### Exercise brief
List each line of the data in which the string "Konsole" appears.

Dataset records
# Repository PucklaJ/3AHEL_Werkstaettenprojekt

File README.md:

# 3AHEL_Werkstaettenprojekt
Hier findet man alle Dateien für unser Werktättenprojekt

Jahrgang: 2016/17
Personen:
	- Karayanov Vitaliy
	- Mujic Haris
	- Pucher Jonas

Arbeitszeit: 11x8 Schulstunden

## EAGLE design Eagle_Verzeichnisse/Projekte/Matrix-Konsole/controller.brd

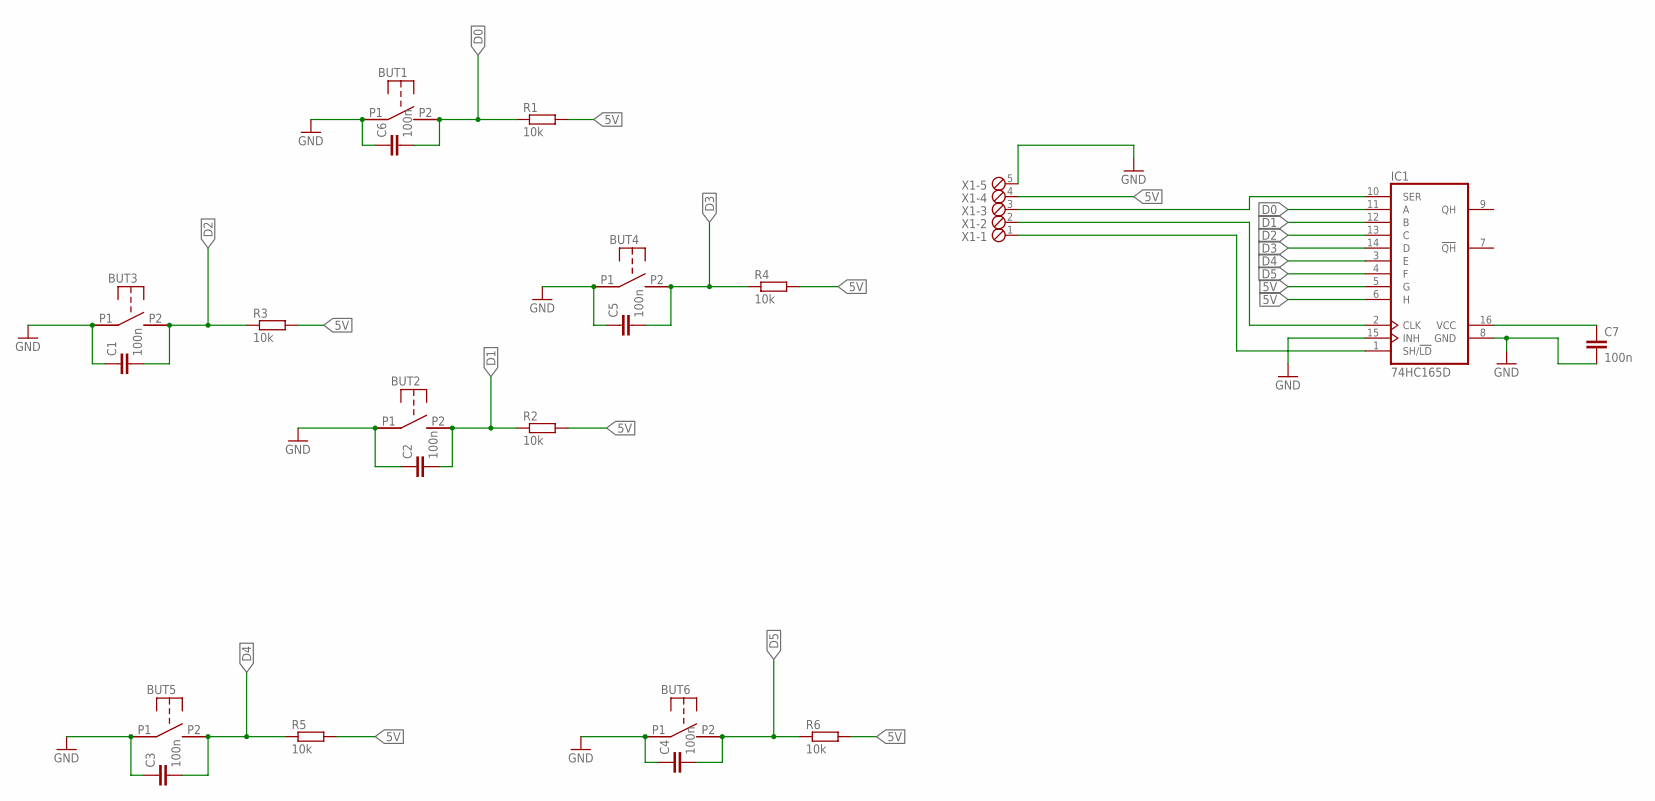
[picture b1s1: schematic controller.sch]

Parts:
BUT1, BUT2, BUT3, BUT4, BUT5, BUT6: BUTTON_DEV; BUTTON_PACK
C1, C2, C3, C4, C5, C6, C7: 100n; C0805
IC1: 74HC165D; SO16
R1, R2, R3, R4, R5, R6: 10k; M3516
X1: MPT5; 5POL254

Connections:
5V: C7.1, IC1.5 (G), IC1.6 (H), IC1.16 (VCC), R1.2, R2.2, R3.2, R4.2, R5.2, R6.2, X1.4
D0: BUT1.P2, BUT1.P2' (P2), C6.2, IC1.11 (A), R1.1
D1: BUT2.P2, BUT2.P2' (P2), C2.2, IC1.12 (B), R2.1
D2: BUT3.P2, BUT3.P2' (P2), C1.2, IC1.13 (C), R3.1
D3: BUT4.P2, BUT4.P2' (P2), C5.2, IC1.14 (D), R4.1
D4: BUT5.P2, BUT5.P2' (P2), C3.2, IC1.3 (E), R5.1
D5: BUT6.P2, BUT6.P2' (P2), C4.2, IC1.4 (F), R6.1
GND: BUT1.P1, BUT1.P1' (P1), BUT2.P1, BUT2.P1' (P1), BUT3.P1, BUT3.P1' (P1), BUT5.P1, BUT5.P1' (P1), BUT6.P1, BUT6.P1' (P1), C1.1, C2.1, C3.1, C4.1, C6.1, C7.2, IC1.8 (GND), IC1.15 (INH), X1.5
N3: BUT4.P1, BUT4.P1' (P1), C5.1
unnamed: IC1.1 (SH/!LD), X1.1
unnamed: IC1.2 (CLK), X1.2
unnamed: IC1.10 (SER), X1.3

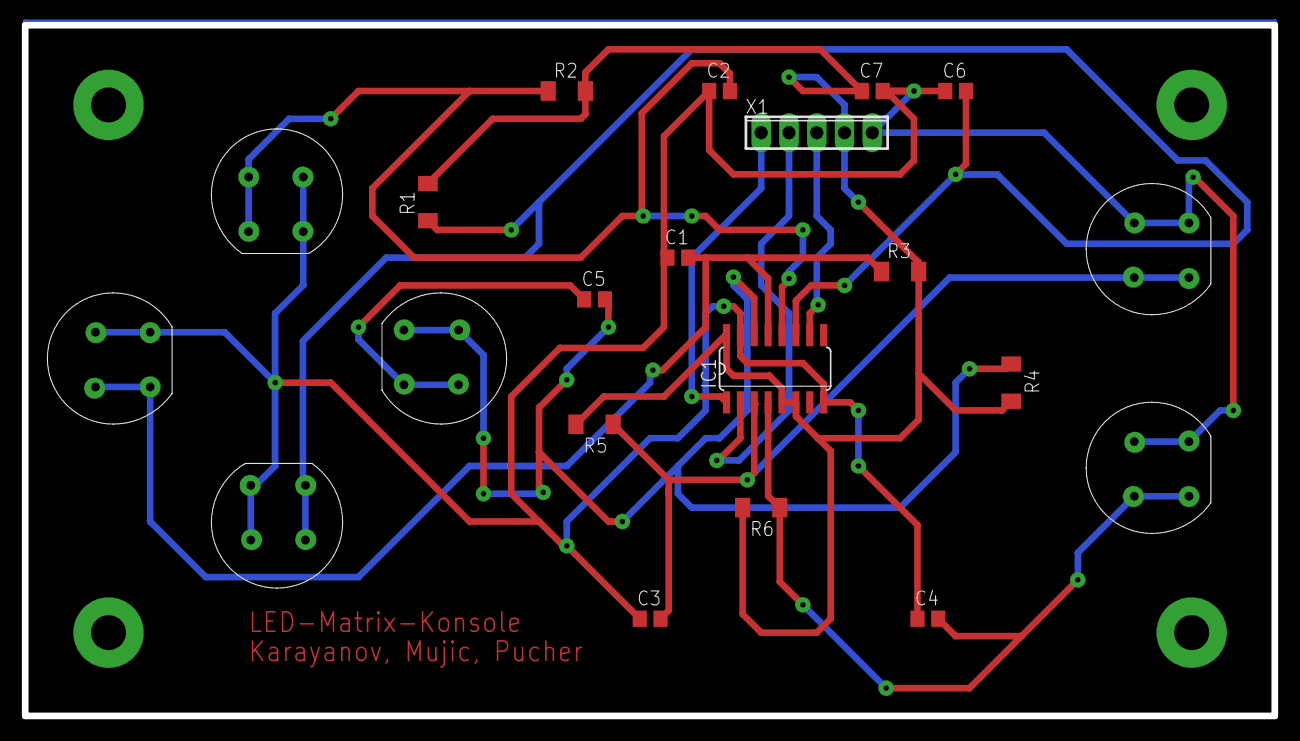
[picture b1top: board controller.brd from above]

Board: 2 copper layers, 114.3 x 63.2 mm, 21 parts (0 on the bottom side), 12 nets.

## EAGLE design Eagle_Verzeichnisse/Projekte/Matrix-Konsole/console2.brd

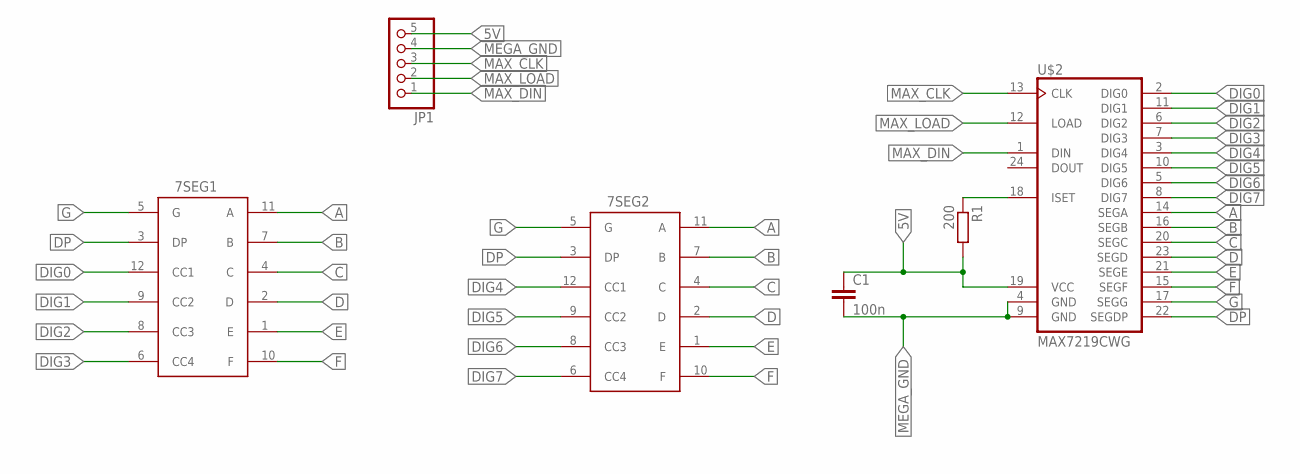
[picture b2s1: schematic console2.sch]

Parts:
7SEG1, 7SEG2: 7SEG_DEV; 7SEG_PACK
C1: 100n; C0805
JP1: PINHD-1X5; 1X05
R1: 200; M3516
U$2: MAX7219CWG; SO24L

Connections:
5V: C1.1, JP1.5, R1.2, U$2.19 (VCC)
A: 7SEG1.11 (A), 7SEG2.11 (A), U$2.14 (SEGA)
B: 7SEG1.7 (B), 7SEG2.7 (B), U$2.16 (SEGB)
C: 7SEG1.4 (C), 7SEG2.4 (C), U$2.20 (SEGC)
D: 7SEG1.2 (D), 7SEG2.2 (D), U$2.23 (SEGD)
DIG0: 7SEG1.12 (CC1), U$2.2 (DIG0)
DIG1: 7SEG1.9 (CC2), U$2.11 (DIG1)
DIG2: 7SEG1.8 (CC3), U$2.6 (DIG2)
DIG3: 7SEG1.6 (CC4), U$2.7 (DIG3)
DIG4: 7SEG2.12 (CC1), U$2.3 (DIG4)
DIG5: 7SEG2.9 (CC2), U$2.10 (DIG5)
DIG6: 7SEG2.8 (CC3), U$2.5 (DIG6)
DIG7: 7SEG2.6 (CC4), U$2.8 (DIG7)
DP: 7SEG1.3 (DP), 7SEG2.3 (DP), U$2.22 (SEGDP)
E: 7SEG1.1 (E), 7SEG2.1 (E), U$2.21 (SEGE)
F: 7SEG1.10 (F), 7SEG2.10 (F), U$2.15 (SEGF)
G: 7SEG1.5 (G), 7SEG2.5 (G), U$2.17 (SEGG)
MAX_CLK: JP1.3, U$2.13 (CLK)
MAX_DIN: JP1.1, U$2.1 (DIN)
MAX_ISET: R1.1, U$2.18 (ISET)
MAX_LOAD: JP1.2, U$2.12 (LOAD)
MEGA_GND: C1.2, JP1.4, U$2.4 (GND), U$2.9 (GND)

### Solution to the exercise
## EAGLE design Eagle_Verzeichnisse/Projekte/Matrix-Konsole/controller.brd
## EAGLE design Eagle_Verzeichnisse/Projekte/Matrix-Konsole/console2.brd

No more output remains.